🤖 AI Summary
This work addresses the challenge in conventional 3D Gaussian Splatting (3DGS) representations, which struggle to efficiently encode both high-frequency details and low-frequency smooth regions while lacking structural awareness. The authors propose a structure-aware hybrid 3D Gaussian representation that, for the first time, integrates the artistic concepts of sketching and coloring into 3DGS. Without relying on external geometric priors, their method adaptively partitions Gaussians into Sketch Gaussians for edge delineation and Patch Gaussians for smooth regions through multi-criterion density clustering and quality-driven optimization. The framework supports semantic-driven Gaussian grouping, hierarchical progressive rendering, and efficient streaming. Experiments demonstrate significant improvements: at comparable model size, it achieves a 1.74 dB gain in PSNR, a 6.7% increase in SSIM, and a 41.4% reduction in LPIPS; notably, indoor scenes retain visual fidelity using only 0.5% of the original model size.
📝 Abstract
We observe that Gaussians exhibit distinct roles and characteristics analogous to traditional artistic techniques -- like how artists first sketch outlines before filling in broader areas with color, some Gaussians capture high-frequency features such as edges and contours, while others represent broader, smoother regions analogous to brush strokes that add volume and depth.

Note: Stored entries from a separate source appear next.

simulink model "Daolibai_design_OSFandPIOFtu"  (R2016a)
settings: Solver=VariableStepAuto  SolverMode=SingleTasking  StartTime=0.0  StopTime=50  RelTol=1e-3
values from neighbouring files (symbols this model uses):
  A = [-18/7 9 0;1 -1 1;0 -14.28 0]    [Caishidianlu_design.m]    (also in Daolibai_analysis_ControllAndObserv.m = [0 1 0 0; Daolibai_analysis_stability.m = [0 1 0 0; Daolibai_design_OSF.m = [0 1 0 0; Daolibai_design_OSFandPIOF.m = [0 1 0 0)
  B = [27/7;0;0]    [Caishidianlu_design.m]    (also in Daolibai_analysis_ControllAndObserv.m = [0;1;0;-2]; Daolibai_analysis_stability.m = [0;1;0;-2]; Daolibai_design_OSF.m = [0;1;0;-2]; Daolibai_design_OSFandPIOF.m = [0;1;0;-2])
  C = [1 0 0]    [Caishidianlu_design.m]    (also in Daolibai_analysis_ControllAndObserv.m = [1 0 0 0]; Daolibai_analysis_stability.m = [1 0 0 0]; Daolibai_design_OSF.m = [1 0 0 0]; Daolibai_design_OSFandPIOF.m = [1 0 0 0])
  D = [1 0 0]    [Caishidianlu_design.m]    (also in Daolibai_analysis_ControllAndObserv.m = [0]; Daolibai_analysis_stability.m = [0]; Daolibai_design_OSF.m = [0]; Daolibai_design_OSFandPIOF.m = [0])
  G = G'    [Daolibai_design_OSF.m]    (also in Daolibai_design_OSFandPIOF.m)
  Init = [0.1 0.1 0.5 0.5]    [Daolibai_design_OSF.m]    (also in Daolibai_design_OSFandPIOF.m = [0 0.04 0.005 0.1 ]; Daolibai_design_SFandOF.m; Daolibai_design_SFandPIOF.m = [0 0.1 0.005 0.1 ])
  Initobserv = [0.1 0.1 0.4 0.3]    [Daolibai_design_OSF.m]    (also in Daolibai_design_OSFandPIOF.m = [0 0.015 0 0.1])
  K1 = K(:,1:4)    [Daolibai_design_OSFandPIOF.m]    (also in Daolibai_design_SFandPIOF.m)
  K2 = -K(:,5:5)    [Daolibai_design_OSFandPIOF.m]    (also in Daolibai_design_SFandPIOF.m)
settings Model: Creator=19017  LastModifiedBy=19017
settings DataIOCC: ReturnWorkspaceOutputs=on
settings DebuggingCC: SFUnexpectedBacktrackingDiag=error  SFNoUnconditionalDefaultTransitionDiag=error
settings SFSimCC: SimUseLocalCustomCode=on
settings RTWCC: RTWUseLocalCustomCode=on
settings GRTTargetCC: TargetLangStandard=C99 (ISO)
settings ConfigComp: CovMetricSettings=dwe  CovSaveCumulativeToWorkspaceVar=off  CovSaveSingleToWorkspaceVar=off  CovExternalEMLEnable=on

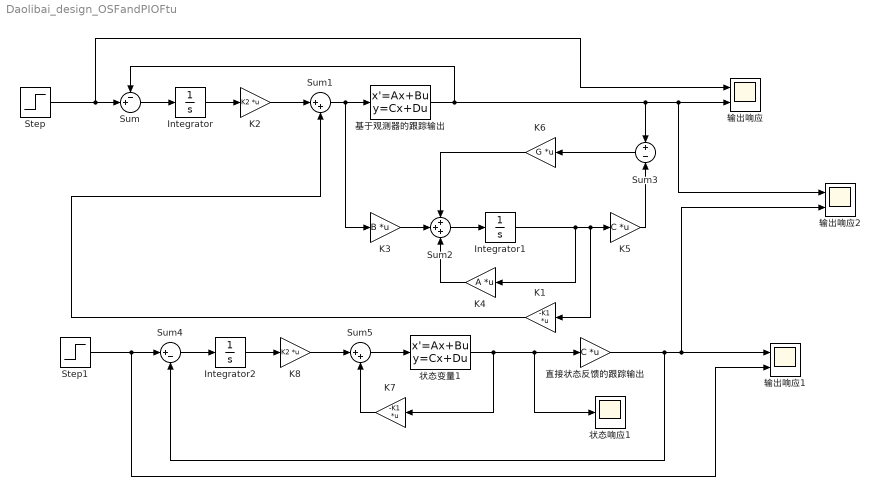
== system Daolibai_design_OSFandPIOFtu ==
  Integrator : Integrator  InitialCondition=[0]
  Integrator1 : Integrator  InitialCondition=Initobserv
  Integrator2 : Integrator  InitialCondition=[0]
  K1 : Gain  Gain=-K1  Multiplication=Matrix(K*u)
  K2 : Gain  Gain=K2  Multiplication=Matrix(K*u)
  K3 : Gain  Gain=B  Multiplication=Matrix(K*u)
  K4 : Gain  Gain=A  Multiplication=Matrix(K*u)
  K5 : Gain  Gain=C  Multiplication=Matrix(K*u)
  K6 : Gain  Gain=G  Multiplication=Matrix(K*u)
  K7 : Gain  Gain=-K1  Multiplication=Matrix(K*u)
  K8 : Gain  Gain=K2  Multiplication=Matrix(K*u)
  Step : Step  SampleTime=0
  Step1 : Step  SampleTime=0
  Sum : Sum  Inputs=-+|
  Sum1 : Sum  Inputs=|++
  Sum2 : Sum  Inputs=+++
  Sum3 : Sum  Inputs=+|-
  Sum4 : Sum  Inputs=|+-
  Sum5 : Sum  Inputs=|++
  基于观测器的跟踪输出 : StateSpace  A=A  B=B  C=C  D=D  X0=Init
  状态变量1 : StateSpace  A=A  B=B  C=eye(4)  D=[0;0;0;0]  X0=Init
  状态响应1 : Scope
  直接状态反馈的跟踪输出 : Gain  Gain=C  Multiplication=Matrix(K*u)
  输出响应 : Scope  NumInputPorts=2
  输出响应1 : Scope  NumInputPorts=2
  输出响应2 : Scope  NumInputPorts=2
  wires:
  基于观测器的跟踪输出/1 -> Sum3/1, 输出响应2/1, 输出响应/2, Sum/1
  Sum/1 -> Integrator/1
  Sum1/1 -> K3/1, 基于观测器的跟踪输出/1
  Step/1 -> 输出响应/1, Sum/2
  Integrator/1 -> K2/1
  Integrator1/1 -> K4/1, K1/1, K5/1
  K4/1 -> Sum2/3
  Sum2/1 -> Integrator1/1
  K3/1 -> Sum2/2
  K2/1 -> Sum1/1
  K1/1 -> Sum1/2
  K5/1 -> Sum3/2
  Sum3/1 -> K6/1
  K6/1 -> Sum2/1
  直接状态反馈的跟踪输出/1 -> Sum4/2, 输出响应2/2, 输出响应1/1
  Sum4/1 -> Integrator2/1
  K7/1 -> Sum5/2
  Sum5/1 -> 状态变量1/1
  Step1/1 -> 输出响应1/2, Sum4/1
  K8/1 -> Sum5/1
  Integrator2/1 -> K8/1
  状态变量1/1 -> 直接状态反馈的跟踪输出/1, 状态响应1/1, K7/1

Based on this observation, we propose a hybrid representation that categorizes Gaussians into (i) Sketch Gaussians, which represent high-frequency, boundary-defining features, and (ii) Patch Gaussians, which cover low-frequency, smooth regions. This semantic separation naturally enables layered progressive streaming, where the compact Sketch Gaussians establish the structural skeleton before Patch Gaussians incrementally refine volumetric detail. In this work, we extend our previous method to arbitrary 3D scenes by proposing a novel hierarchical adaptive categorization framework that operates directly on the 3DGS representation. Our approach employs multi-criteria density-based clustering, combined with adaptive quality-driven refinement. This method eliminates dependency on external 3D line primitives while ensuring optimal parametric encoding effectiveness. Our comprehensive evaluation across diverse scenes, including both man-made and natural environments, demonstrates that our method achieves up to 1.74 dB improvement in PSNR, 6.7% in SSIM, and 41.4% in LPIPS at equivalent model sizes compared to uniform pruning baselines. For indoor scenes, our method can maintain visual quality with only 0.5\% of the original model size. This structure-aware representation enables efficient storage, adaptive streaming, and rendering of high-fidelity 3D content across bandwidth-constrained networks and resource-limited devices.